_PROBLEM TO WORK ON:_ Starting with the line that contains "-14, 0) normal (0, -1, 0)" and stopping after the line that contains "line M4 (-30, 5) -> (-33, 5)", copy the entries below exactly. Include nothing else.

_RAW DATA:_
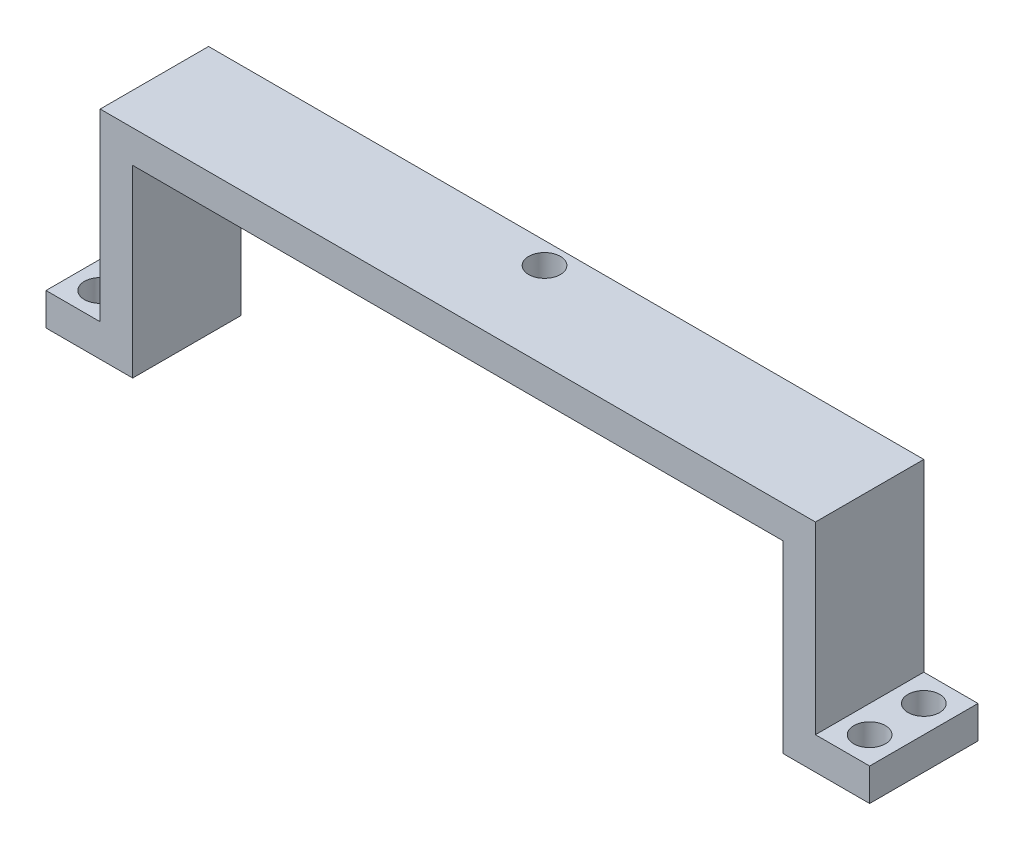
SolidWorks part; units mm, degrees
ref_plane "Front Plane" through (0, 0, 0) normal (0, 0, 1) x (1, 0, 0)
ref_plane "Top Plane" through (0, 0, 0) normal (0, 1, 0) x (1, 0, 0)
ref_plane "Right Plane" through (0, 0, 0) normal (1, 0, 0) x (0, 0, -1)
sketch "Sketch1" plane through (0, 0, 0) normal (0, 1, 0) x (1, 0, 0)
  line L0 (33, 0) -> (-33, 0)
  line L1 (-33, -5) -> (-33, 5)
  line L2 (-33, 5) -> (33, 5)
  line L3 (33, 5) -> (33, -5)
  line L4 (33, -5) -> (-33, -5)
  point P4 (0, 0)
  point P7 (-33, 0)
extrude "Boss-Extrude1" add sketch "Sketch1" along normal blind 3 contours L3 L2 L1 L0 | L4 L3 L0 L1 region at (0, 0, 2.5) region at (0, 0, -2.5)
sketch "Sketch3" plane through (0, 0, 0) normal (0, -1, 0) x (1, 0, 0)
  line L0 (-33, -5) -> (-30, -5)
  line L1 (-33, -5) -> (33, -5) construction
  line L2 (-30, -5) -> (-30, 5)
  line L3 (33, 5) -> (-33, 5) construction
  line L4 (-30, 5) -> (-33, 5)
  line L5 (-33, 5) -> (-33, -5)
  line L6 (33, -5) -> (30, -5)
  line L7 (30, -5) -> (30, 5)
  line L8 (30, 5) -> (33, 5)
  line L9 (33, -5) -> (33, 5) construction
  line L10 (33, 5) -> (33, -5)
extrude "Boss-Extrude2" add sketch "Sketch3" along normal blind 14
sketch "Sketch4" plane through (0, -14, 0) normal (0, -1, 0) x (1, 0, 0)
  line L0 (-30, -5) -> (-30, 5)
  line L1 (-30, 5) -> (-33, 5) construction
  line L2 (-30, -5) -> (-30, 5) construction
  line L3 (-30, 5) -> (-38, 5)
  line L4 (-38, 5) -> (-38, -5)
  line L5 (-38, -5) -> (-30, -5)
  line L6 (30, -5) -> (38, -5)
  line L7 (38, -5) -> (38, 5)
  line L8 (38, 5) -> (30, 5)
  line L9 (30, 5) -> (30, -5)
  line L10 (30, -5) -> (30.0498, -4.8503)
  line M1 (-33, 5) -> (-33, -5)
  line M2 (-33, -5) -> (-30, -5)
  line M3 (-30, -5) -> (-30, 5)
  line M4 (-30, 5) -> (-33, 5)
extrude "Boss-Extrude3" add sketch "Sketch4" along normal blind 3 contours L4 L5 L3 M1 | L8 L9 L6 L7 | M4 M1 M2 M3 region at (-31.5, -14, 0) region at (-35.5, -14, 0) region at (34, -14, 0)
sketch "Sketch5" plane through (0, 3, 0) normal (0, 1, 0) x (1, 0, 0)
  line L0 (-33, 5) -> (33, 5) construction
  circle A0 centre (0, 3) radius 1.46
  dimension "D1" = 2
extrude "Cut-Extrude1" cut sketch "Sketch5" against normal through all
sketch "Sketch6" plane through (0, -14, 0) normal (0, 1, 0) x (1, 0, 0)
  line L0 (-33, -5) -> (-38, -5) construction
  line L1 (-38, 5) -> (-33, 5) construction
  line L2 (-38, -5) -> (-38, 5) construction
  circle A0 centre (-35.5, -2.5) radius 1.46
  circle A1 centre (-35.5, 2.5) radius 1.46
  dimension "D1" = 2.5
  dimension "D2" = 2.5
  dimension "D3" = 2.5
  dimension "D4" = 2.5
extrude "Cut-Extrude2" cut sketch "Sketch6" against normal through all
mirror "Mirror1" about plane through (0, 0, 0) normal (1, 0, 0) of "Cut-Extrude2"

_RESULT:_
sketch "Sketch4" plane through (0, -14, 0) normal (0, -1, 0) x (1, 0, 0)
  line L0 (-30, -5) -> (-30, 5)
  line L1 (-30, 5) -> (-33, 5) construction
  line L2 (-30, -5) -> (-30, 5) construction
  line L3 (-30, 5) -> (-38, 5)
  line L4 (-38, 5) -> (-38, -5)
  line L5 (-38, -5) -> (-30, -5)
  line L6 (30, -5) -> (38, -5)
  line L7 (38, -5) -> (38, 5)
  line L8 (38, 5) -> (30, 5)
  line L9 (30, 5) -> (30, -5)
  line L10 (30, -5) -> (30.0498, -4.8503)
  line M1 (-33, 5) -> (-33, -5)
  line M2 (-33, -5) -> (-30, -5)
  line M3 (-30, -5) -> (-30, 5)
  line M4 (-30, 5) -> (-33, 5)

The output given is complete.